The answer is the data below, repeated exactly, with no pictures included.

[Start of section]

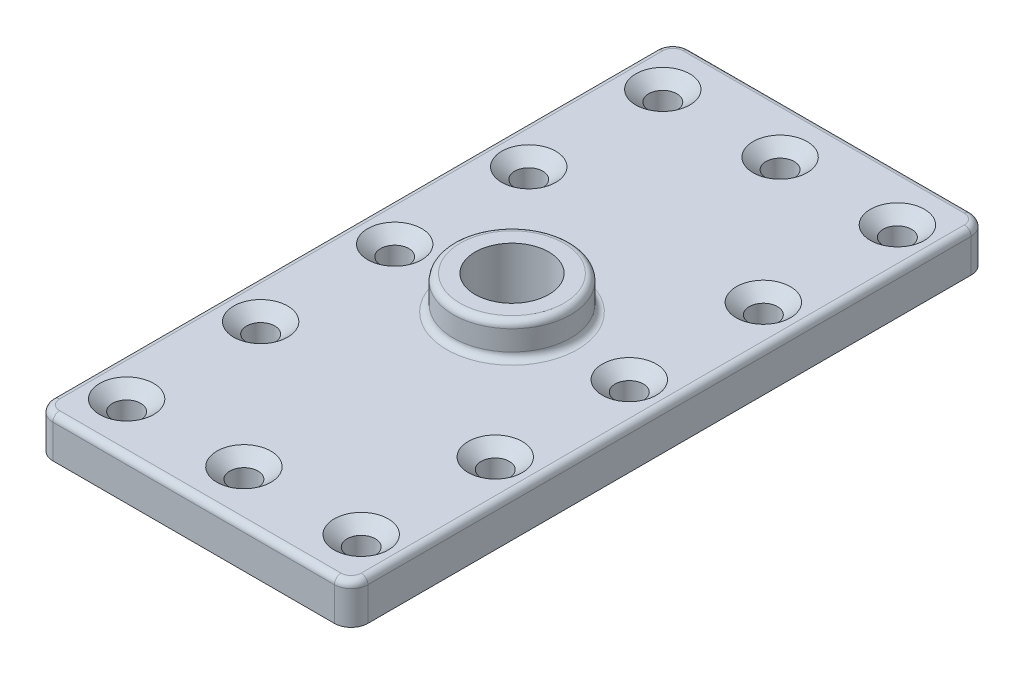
from build123d import *

# Parameters (mm, degrees)
SKETCH1_W                                           = 94
SKETCH1_H                                           = 190
PLATE_DEPTH                                         = 12
SKETCH2_R                                           = 17.5
BOSS_DEPTH                                          = 10
SKETCH3_R                                           = 11
CENTER_HOLE_DEPTH                                   = 109.249711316
CSK_FOR_5_16_FLAT_HEAD_MACHINE_SCREW_10_D           = 8.4328
CSK_FOR_5_16_FLAT_HEAD_MACHINE_SCREW_10_CSINK_D     = 16.129
CSK_FOR_5_16_FLAT_HEAD_MACHINE_SCREW_10_CSINK_ANGLE = 100
FILLET_R5_R                                         = 5
FILLET_R2_R                                         = 2
LINEARPATTERN_COUNT                                 = 5
LINEARPATTERN_PITCH                                 = 40
LINEARPATTERN_COUNT_DIR2                            = 3
LINEARPATTERN_PITCH_DIR2                            = 35


with BuildPart() as part:
    # Sketch1 → plate (new body)
    with BuildSketch(Plane(origin=(0, 0, 0), x_dir=(1, 0, 0), z_dir=(0, 1, 0))):
        Rectangle(SKETCH1_W, SKETCH1_H)
    extrude(amount=PLATE_DEPTH)

    # Sketch2 → boss (add)
    with BuildSketch(Plane(origin=(0, 12, 0), x_dir=(-1, 0, 0), z_dir=(0, 1, 0))):
        with Locations(Location((0, 0, 0), (0, 0, 270))):
            Circle(SKETCH2_R)
    extrude(amount=BOSS_DEPTH)

    # Sketch3 → center hole (cut, through all)
    with BuildSketch(Plane(origin=(0, 22, 0), x_dir=(-1, 0, 0), z_dir=(0, 1, 0))):
        with Locations(Location((0, 0, 0), (0, 0, 90))):
            Circle(SKETCH3_R)
    extrude(amount=-CENTER_HOLE_DEPTH, mode=Mode.SUBTRACT)

    # CSK for 5_16 Flat Head Machine Screw _10 (through all)
    with Locations(Plane(origin=(0, 12, 0), x_dir=(-1, 0, 0), z_dir=(0, 1, 0))):
        with Locations((35, 80)):
            csk_for_5_16_flat_head_machine_screw_10 = CounterSinkHole(CSK_FOR_5_16_FLAT_HEAD_MACHINE_SCREW_10_D / 2, CSK_FOR_5_16_FLAT_HEAD_MACHINE_SCREW_10_CSINK_D / 2, counter_sink_angle=CSK_FOR_5_16_FLAT_HEAD_MACHINE_SCREW_10_CSINK_ANGLE)

    # Fillet R5
    fillet_r5_edges = [part.edges().sort_by_distance(p)[0] for p in [
        (-47, 6, -95),
        (47, 6, -95),
        (47, 6, 95),
        (-47, 6, 95),
    ]]
    fillet(fillet_r5_edges, radius=FILLET_R5_R)

    # Fillet R2
    fillet_r2_edges = [part.edges().sort_by_distance(p)[0] for p in [
        (0, 12, 17.5),
        (0, 22, 17.5),
        (47, 12, 0),
        (0, 12, 95),
        (-47, 12, 0),
        (0, 12, -95),
        (45.535533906, 12, -93.535533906),
        (-45.535533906, 12, -93.535533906),
        (-45.535533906, 12, 93.535533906),
        (45.535533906, 12, 93.535533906),
    ]]
    fillet(fillet_r2_edges, radius=FILLET_R2_R)

    # LinearPattern: CSK for 5_16 Flat Head Machine Screw _10 5 × 3, 3 skipped
    with Locations(*[(j * LINEARPATTERN_PITCH_DIR2, 0, -i * LINEARPATTERN_PITCH) for i in range(LINEARPATTERN_COUNT) for j in range(LINEARPATTERN_COUNT_DIR2) if (i, j) not in ((0, 0), (1, 1), (2, 1), (3, 1))]):
        add(csk_for_5_16_flat_head_machine_screw_10, mode=Mode.SUBTRACT)


solid = part.part

[End of section]

== Finished exercise ==
from build123d import *

# Parameters (mm, degrees)
SKETCH1_W                                           = 94
SKETCH1_H                                           = 190
PLATE_DEPTH                                         = 12
SKETCH2_R                                           = 17.5
BOSS_DEPTH                                          = 10
SKETCH3_R                                           = 11
CENTER_HOLE_DEPTH                                   = 109.249711316
CSK_FOR_5_16_FLAT_HEAD_MACHINE_SCREW_10_D           = 8.4328
CSK_FOR_5_16_FLAT_HEAD_MACHINE_SCREW_10_CSINK_D     = 16.129
CSK_FOR_5_16_FLAT_HEAD_MACHINE_SCREW_10_CSINK_ANGLE = 100
FILLET_R5_R                                         = 5
FILLET_R2_R                                         = 2
LINEARPATTERN_COUNT                                 = 5
LINEARPATTERN_PITCH                                 = 40
LINEARPATTERN_COUNT_DIR2                            = 3
LINEARPATTERN_PITCH_DIR2                            = 35


with BuildPart() as part:
    # Sketch1 → plate (new body)
    with BuildSketch(Plane(origin=(0, 0, 0), x_dir=(1, 0, 0), z_dir=(0, 1, 0))):
        Rectangle(SKETCH1_W, SKETCH1_H)
    extrude(amount=PLATE_DEPTH)

    # Sketch2 → boss (add)
    with BuildSketch(Plane(origin=(0, 12, 0), x_dir=(-1, 0, 0), z_dir=(0, 1, 0))):
        with Locations(Location((0, 0, 0), (0, 0, 270))):
            Circle(SKETCH2_R)
    extrude(amount=BOSS_DEPTH)

    # Sketch3 → center hole (cut, through all)
    with BuildSketch(Plane(origin=(0, 22, 0), x_dir=(-1, 0, 0), z_dir=(0, 1, 0))):
        with Locations(Location((0, 0, 0), (0, 0, 90))):
            Circle(SKETCH3_R)
    extrude(amount=-CENTER_HOLE_DEPTH, mode=Mode.SUBTRACT)

    # CSK for 5_16 Flat Head Machine Screw _10 (through all)
    with Locations(Plane(origin=(0, 12, 0), x_dir=(-1, 0, 0), z_dir=(0, 1, 0))):
        with Locations((35, 80)):
            csk_for_5_16_flat_head_machine_screw_10 = CounterSinkHole(CSK_FOR_5_16_FLAT_HEAD_MACHINE_SCREW_10_D / 2, CSK_FOR_5_16_FLAT_HEAD_MACHINE_SCREW_10_CSINK_D / 2, counter_sink_angle=CSK_FOR_5_16_FLAT_HEAD_MACHINE_SCREW_10_CSINK_ANGLE)

    # Fillet R5
    fillet_r5_edges = [part.edges().sort_by_distance(p)[0] for p in [
        (-47, 6, -95),
        (47, 6, -95),
        (47, 6, 95),
        (-47, 6, 95),
    ]]
    fillet(fillet_r5_edges, radius=FILLET_R5_R)

    # Fillet R2
    fillet_r2_edges = [part.edges().sort_by_distance(p)[0] for p in [
        (0, 12, 17.5),
        (0, 22, 17.5),
        (47, 12, 0),
        (0, 12, 95),
        (-47, 12, 0),
        (0, 12, -95),
        (45.535533906, 12, -93.535533906),
        (-45.535533906, 12, -93.535533906),
        (-45.535533906, 12, 93.535533906),
        (45.535533906, 12, 93.535533906),
    ]]
    fillet(fillet_r2_edges, radius=FILLET_R2_R)

    # LinearPattern: CSK for 5_16 Flat Head Machine Screw _10 5 × 3, 3 skipped
    with Locations(*[(j * LINEARPATTERN_PITCH_DIR2, 0, -i * LINEARPATTERN_PITCH) for i in range(LINEARPATTERN_COUNT) for j in range(LINEARPATTERN_COUNT_DIR2) if (i, j) not in ((0, 0), (1, 1), (2, 1), (3, 1))]):
        add(csk_for_5_16_flat_head_machine_screw_10, mode=Mode.SUBTRACT)


solid = part.part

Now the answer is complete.